Key Responsibilities:

  • Inform regulatory strategies, in conjunction with business objectives, and translate plans into operational deliverables (i.e. submissions); advise company on regulatory issues concerning products and operations; manage regulatory activities in respect to quality and timeliness.
  • Drive positive interactions with health authorities, and oversee the preparation for meetings mainly with CDRH and CFSAN as required.
  • Build the framework for 510k application and support authoring relevant sections and narrative of filings, including technical narratives.
  • Partner with internal departments of the company to assure development plans align with regulatory requirements, guidelines and precedence; co-develops program plans with project teams to ensure regulatory acceptability for registration purposes; ensures interaction with other disciplines to review and finalize reports and other documents.
  • Represents Regulatory Affairs on project sub-teams and provide regulatory guidance to project teams on design & test documents (e.g. protocol reviews, report reviews, development plans).
  • Interpret and apply applicable laws, regulations and guidelines governing devices and food products to meet business objectives.
  • Assure timely continuity of company product registrations renewals.
  • Review and approve the development of product labels and labeling, particularly ‘Instruction for Use’ documents, package labels, sales and marketing literature and presentation reviews/approvals.
  • In addition, web-based marketing claims for compliance with applicable regulatory requirements, including development of necessary written procedures (PRC).
  • Works with third party contract manufacturers towards design transfer, and to improve quality through pre-qualification reviews and on-going oversight and audits.
  • In conjunction with Quality team supports post-market regulatory compliance activities such as complaint handling, MDR, adverse event reporting, recall execution and reporting.
  • Serve as a key advisor to project teams with regard to Regulatory Affairs issues and procedures, particularly to ensure programs are developed to have a high degree of regulatory success through complex technical understanding and perspective.
  • Develop policies and procedures to ensure regulatory compliance; may review and provide assessment of potential licensing acquisitions relative to regulatory implications and limitations; may participate in company advisory boards, attend congress and professional meetings.

Education and Experience:

  • B.S. or B.A. or an equivalent combination of education and experience.
  • 5+ years Regulatory Affairs experience with technical chemistry or analytical lab experience desired.
  • Experience with US (Class II or higher) device clearance; Health Canada medical device (Class II or higher) license approvals; EU medical device (Class llb or higher) CE-marking a plus.
  • Prior experience in worldwide post market surveillance reporting required.
  • Experience in prioritizing and exercising sound judgment in RA matters is required.
  • Must have analytical skills, be detail oriented and have good interpersonal skills.
  • Flexible and able to work in a fast paced environment.

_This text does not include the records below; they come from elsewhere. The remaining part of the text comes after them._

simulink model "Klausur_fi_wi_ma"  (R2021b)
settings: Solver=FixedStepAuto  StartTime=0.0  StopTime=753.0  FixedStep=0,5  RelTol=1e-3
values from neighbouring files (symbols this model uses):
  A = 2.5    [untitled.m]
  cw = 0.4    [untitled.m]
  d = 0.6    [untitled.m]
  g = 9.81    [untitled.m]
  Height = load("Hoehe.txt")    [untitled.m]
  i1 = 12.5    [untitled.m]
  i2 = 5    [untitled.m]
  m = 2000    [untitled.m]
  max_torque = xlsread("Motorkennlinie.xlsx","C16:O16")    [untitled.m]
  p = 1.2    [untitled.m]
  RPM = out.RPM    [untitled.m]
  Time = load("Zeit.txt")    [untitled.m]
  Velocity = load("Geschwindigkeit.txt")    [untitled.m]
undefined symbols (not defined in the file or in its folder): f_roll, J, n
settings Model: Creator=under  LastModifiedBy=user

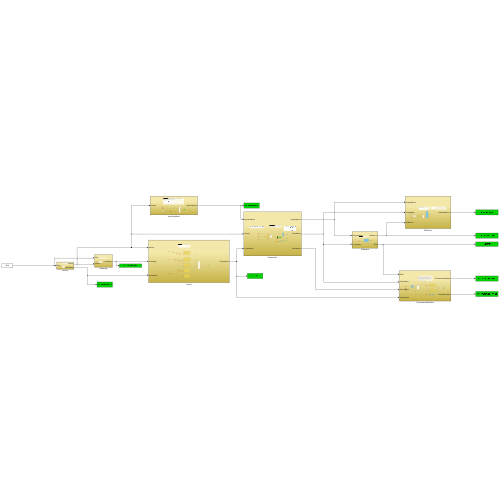
[thumbnail: Simulink's stored preview of the top-level diagram]
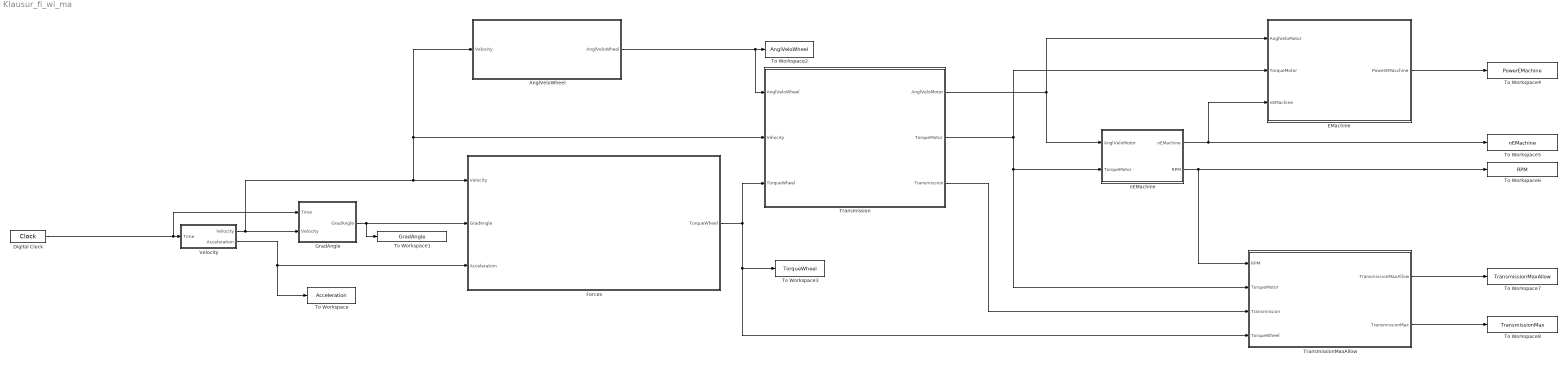
== system Klausur_fi_wi_ma ==
  AnglVeloWheel : Subsystem
  Digital Clock : DigitalClock
  EMachine : Subsystem
  Forces : Subsystem
  GradAngle : Subsystem
  To Workspace : ToWorkspace  VariableName=Acceleration  SaveFormat=Timeseries  SampleTime=-1
  To Workspace1 : ToWorkspace  VariableName=GradAngle  SaveFormat=Timeseries  SampleTime=-1
  To Workspace2 : ToWorkspace  VariableName=AnglVeloWheel  SaveFormat=Timeseries  SampleTime=-1
  To Workspace3 : ToWorkspace  VariableName=TorqueWheel  SaveFormat=Timeseries  SampleTime=-1
  To Workspace4 : ToWorkspace  VariableName=PowerEMachine  SaveFormat=Timeseries  SampleTime=-1
  To Workspace5 : ToWorkspace  VariableName=nEMachine  SaveFormat=Timeseries  SampleTime=-1
  To Workspace6 : ToWorkspace  VariableName=RPM  SaveFormat=Timeseries  SampleTime=-1
  To Workspace7 : ToWorkspace  VariableName=TransmissionMaxAllow  SaveFormat=Timeseries  SampleTime=-1
  To Workspace8 : ToWorkspace  VariableName=TransmissionMax  SaveFormat=Timeseries  SampleTime=-1
  Transmission : Subsystem
  TransmissionMaxAllow : Subsystem
  Velocity : Subsystem
  nEMachine : Subsystem
  wires:
  Transmission/2(TorqueMotor) -> TransmissionMaxAllow/2(TorqueMotor), nEMachine/2(TorqueMotor), EMachine/2(TorqueMotor)
  GradAngle/1(GradAngle) -> To Workspace1/1, Forces/2(GradAngle)
  Forces/1(TorqueWheel) -> TransmissionMaxAllow/4(TorqueWheel), To Workspace3/1, Transmission/3(TorqueWheel)
  Velocity/1(Velocity) -> AnglVeloWheel/1(Velocity), Transmission/2(Velocity), Forces/1(Velocity), GradAngle/2(Velocity)
  Digital Clock/1 -> GradAngle/1(Time), Velocity/1(Time)
  Transmission/1(AnglVeloMotor) -> EMachine/1(AnglVeloMotor), nEMachine/1(AnglVeloMotor)
  Velocity/2(Acceleration) -> To Workspace/1, Forces/3(Acceleration)
  AnglVeloWheel/1(AnglVeloWheel) -> Transmission/1(AnglVeloWheel), To Workspace2/1
  nEMachine/1(nEMachine) -> EMachine/3(nEMachine), To Workspace5/1
  EMachine/1(PowerEMaschine) -> To Workspace4/1
  nEMachine/2(RPM) -> TransmissionMaxAllow/1(RPM), To Workspace6/1
  Transmission/3(Transmission) -> TransmissionMaxAllow/3(Transmission)
  TransmissionMaxAllow/1(TransmissionMaxAllow) -> To Workspace7/1
  TransmissionMaxAllow/2(TransmissionMax) -> To Workspace8/1

== system Klausur_fi_wi_ma/AnglVeloWheel ==
  note: AnglVeloWheel
      | In diesem Subsystem wird die Geschwindigkeit und der Reifenradius dividiert, so wird die Winkelgeschwindigkeit ausgerechnet.
  Velocity : Inport
  Divide : Product  Inputs=*/
  WheelDiam : Constant  Value=d
  dToR : Gain  Gain=1/2
  AnglVeloWheel : Outport
  wires:
  dToR/1 -> Divide/2
  Velocity/1 -> Divide/1
  Divide/1 -> AnglVeloWheel/1
  WheelDiam/1 -> dToR/1

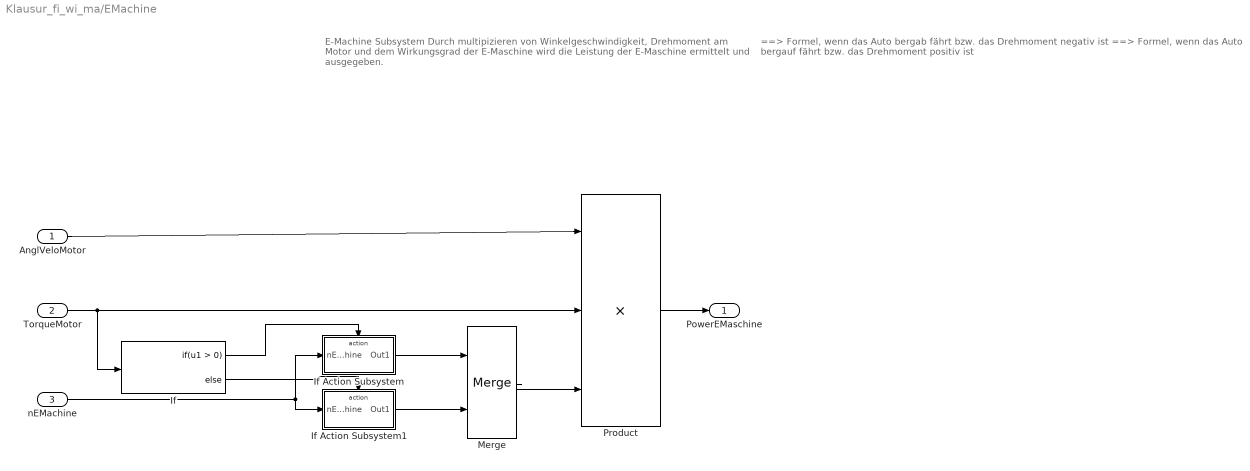
== system Klausur_fi_wi_ma/EMachine ==
  note: ==> Formel, wenn das Auto bergab fährt bzw. das Drehmoment negativ ist
      | ==> Formel, wenn das Auto bergauf fährt bzw. das Drehmoment positiv ist
  note: E-Machine Subsystem
      | Durch multipizieren von Winkelgeschwindigkeit, Drehmoment am Motor und dem Wirkungsgrad der E-Maschine wird die Leistung der E-Maschine ermittelt und ausgegeben.
  AnglVeloMotor : Inport
  TorqueMotor : Inport  Port=2
  nEMachine : Inport  Port=3
  If : If
  If Action Subsystem : Subsystem  TreatAsAtomicUnit=on
  If Action Subsystem1 : Subsystem  TreatAsAtomicUnit=on
  Merge : Merge
  Product : Product  Inputs=3
  PowerEMaschine : Outport
  wires:
  TorqueMotor/1 -> If/1, Product/2
  nEMachine/1 -> If Action Subsystem1/1(nEMachine), If Action Subsystem/1(nEMachine)
  If/2 -> If Action Subsystem1/Action
  If/1 -> If Action Subsystem/Action
  Product/1 -> PowerEMaschine/1
  Merge/1 -> Product/3
  If Action Subsystem/1(Out1) -> Merge/1
  If Action Subsystem1/1(Out1) -> Merge/2
  AnglVeloMotor/1 -> Product/1

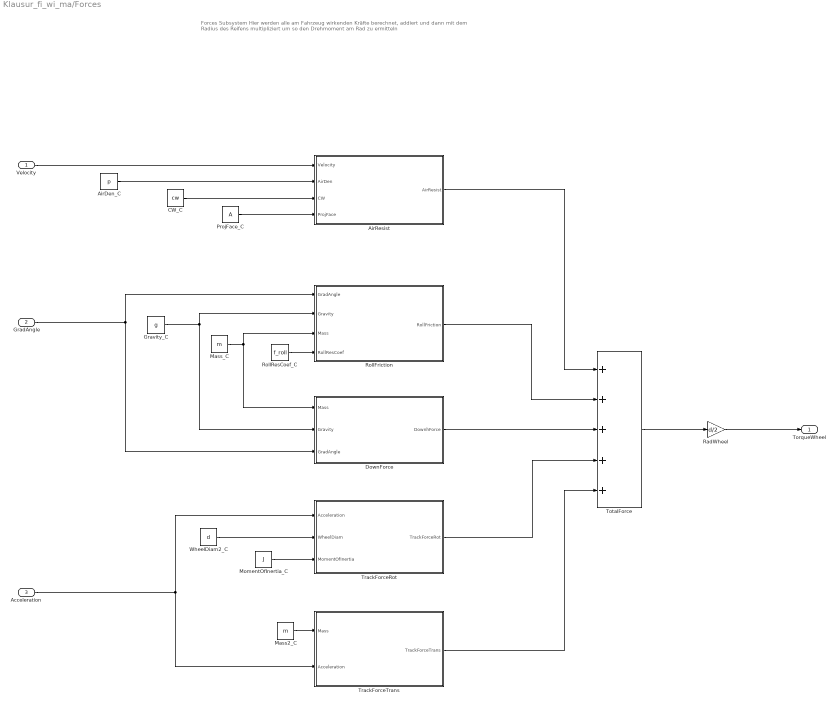
== system Klausur_fi_wi_ma/Forces ==
  note: Forces Subsystem
      | Hier werden alle am Fahrzeug wirkenden Kräfte berechnet, addiert und dann mit dem Radius des Reifens multipliziert um so den Drehmoment am Rad zu ermitteln
  Velocity : Inport
  GradAngle : Inport  Port=2
  Acceleration : Inport  Port=3
  AirDen_C : Constant  Value=p
  AirResist : Subsystem
  CW_C : Constant  Value=cw
  DownForce : Subsystem
  Gravity_C : Constant  Value=g
  Mass2_C : Constant  Value=m
  Mass_C : Constant  Value=m
  MomentOfInertia_C : Constant  Value=J
  ProjFace_C : Constant  Value=A
  RadWheel : Gain  Gain=d/2
  RollFriction : Subsystem
  RollResCoef_C : Constant  Value=f_roll
  TotalForce : Sum  Inputs=+++++
  TrackForceRot : Subsystem
  TrackForceTrans : Subsystem
  WheelDiam2_C : Constant  Value=d
  TorqueWheel : Outport
  wires:
  GradAngle/1 -> DownForce/3(GradAngle), RollFriction/1(GradAngle)
  Gravity_C/1 -> DownForce/2(Gravity), RollFriction/2(Gravity)
  RollResCoef_C/1 -> RollFriction/4(RollResCoef)
  Mass_C/1 -> DownForce/1(Mass), RollFriction/3(Mass)
  TotalForce/1 -> RadWheel/1
  Acceleration/1 -> TrackForceTrans/2(Acceleration), TrackForceRot/1(Acceleration)
  TrackForceRot/1(TrackForceRot) -> TotalForce/4
  TrackForceTrans/1(TrackForceTrans) -> TotalForce/5
  WheelDiam2_C/1 -> TrackForceRot/2(WheelDiam)
  MomentOfInertia_C/1 -> TrackForceRot/3(MomentOfInertia)
  Mass2_C/1 -> TrackForceTrans/1(Mass)
  RadWheel/1 -> TorqueWheel/1
  AirResist/1(AirResist) -> TotalForce/1
  Velocity/1 -> AirResist/1(Velocity)
  ProjFace_C/1 -> AirResist/4(ProjFace)
  CW_C/1 -> AirResist/3(CW)
  AirDen_C/1 -> AirResist/2(AirDen)
  RollFriction/1(RollFriction) -> TotalForce/2
  DownForce/1(DownhForce) -> TotalForce/3

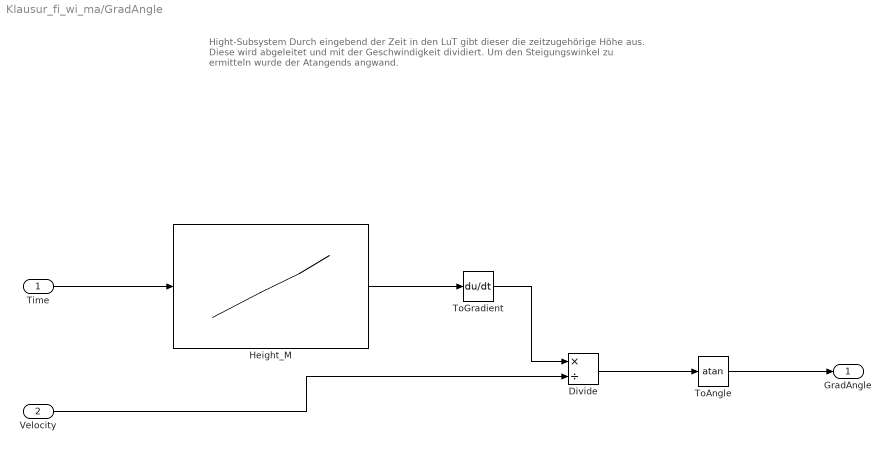
== system Klausur_fi_wi_ma/GradAngle ==
  note: Hight-Subsystem
      | Durch eingebend der Zeit in den LuT gibt dieser die zeitzugehörige Höhe aus. Diese wird abgeleitet und mit der Geschwindigkeit dividiert. Um den Steigungswinkel zu ermitteln wurde der Atangends angwand.
  Time : Inport
  Velocity : Inport  Port=2
  Divide : Product  Inputs=*/
  Height_M : Lookup_n-D  NumberOfTableDimensions=1  BreakpointsForDimension1=Time  Table=Height  InternalRulePriority=Speed  RndMeth=Simplest  InputSameDT=on
  ToAngle : Trigonometry  Operator=atan
  ToGradient : Derivative
  GradAngle : Outport
  wires:
  ToAngle/1 -> GradAngle/1
  Divide/1 -> ToAngle/1
  Velocity/1 -> Divide/2
  ToGradient/1 -> Divide/1
  Height_M/1 -> ToGradient/1
  Time/1 -> Height_M/1

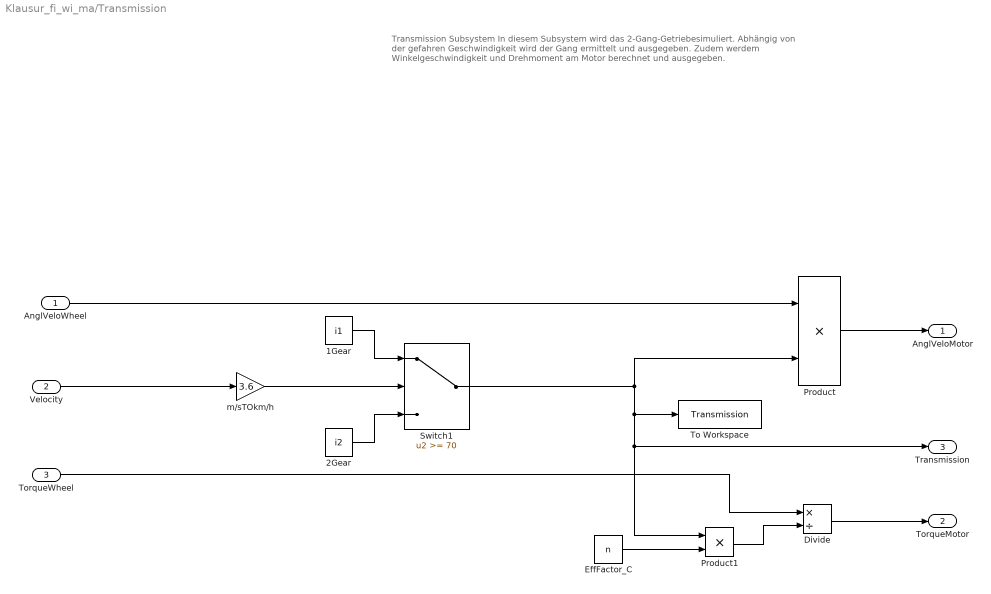
== system Klausur_fi_wi_ma/Transmission ==
  note: Transmission Subsystem
      | In diesem Subsystem wird das 2-Gang-Getriebesimuliert. Abhängig von der gefahren Geschwindigkeit wird der Gang ermittelt und ausgegeben.
      | Zudem werdem Winkelgeschwindigkeit und Drehmoment am Motor berechnet und ausgegeben.
  AnglVeloWheel : Inport
  Velocity : Inport  Port=2
  TorqueWheel : Inport  Port=3
  1Gear : Constant  Value=i1
  2Gear : Constant  Value=i2
  Divide : Product  Inputs=*/
  EffFactor_C : Constant  Value=n
  Product : Product
  Product1 : Product
  Switch1 : Switch  Threshold=70
  To Workspace : ToWorkspace  VariableName=Transmission  SaveFormat=Timeseries  SampleTime=-1
  "m/sTOkm/h  " : Gain  Gain=3.6
  AnglVeloMotor : Outport
  TorqueMotor : Outport  Port=2
  Transmission : Outport  Port=3
  wires:
  "m/sTOkm/h  "/1 -> Switch1/2
  Switch1/1 -> Transmission/1, Product1/1, To Workspace/1, Product/2
  Product/1 -> AnglVeloMotor/1
  EffFactor_C/1 -> Product1/2
  Product1/1 -> Divide/2
  TorqueWheel/1 -> Divide/1
  Divide/1 -> TorqueMotor/1
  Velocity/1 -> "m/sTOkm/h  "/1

Key Skills and Competencies:

  • Knowledge: Familiar with a variety of pharmaceutical concepts, practices, and procedures including:  21 CFR 50,54,56,200,201,202,207,312,314, and ICH; ex-US advice and registration procedures;  21 CFR800 and 510 (k) process, and proven track record of handling complex PMAs, IDEs and CE marking process for bio-medical devices.  In addition, interpretation of chemistry assays used for hydrolysis, GCMS, LCMS, USP methods, etc., is highly desirable.
  • Skills: Strategic skills in interpreting applicable laws; strong organizational skills; excellent written and verbal communication, negotiation/persuasion skills, and strong interpersonal skills; detailed oriented. Ability to apply complex science to program/development needs, and to understand precedence and apply to development programs. Additional skills include; Knowledge of FDA, ISO 13485, regulations and guidelines, a must have; knowledge of toxicological assessments and capable of conducting literature reviews.
  • Abilities: Use good judgment to plan, articulate positions, apply critical thinking towards achieving goals and when interacting with regulators; able to lead and collaborate with others; be flexible; ability to negotiate and persuade internal partners and regulatory agencies.

Additional Requirements:

  • Travel <10%.
  • Candidates must be able to successfully pass background and drug screen investigations.
  • Location - Waltham, Massachusetts.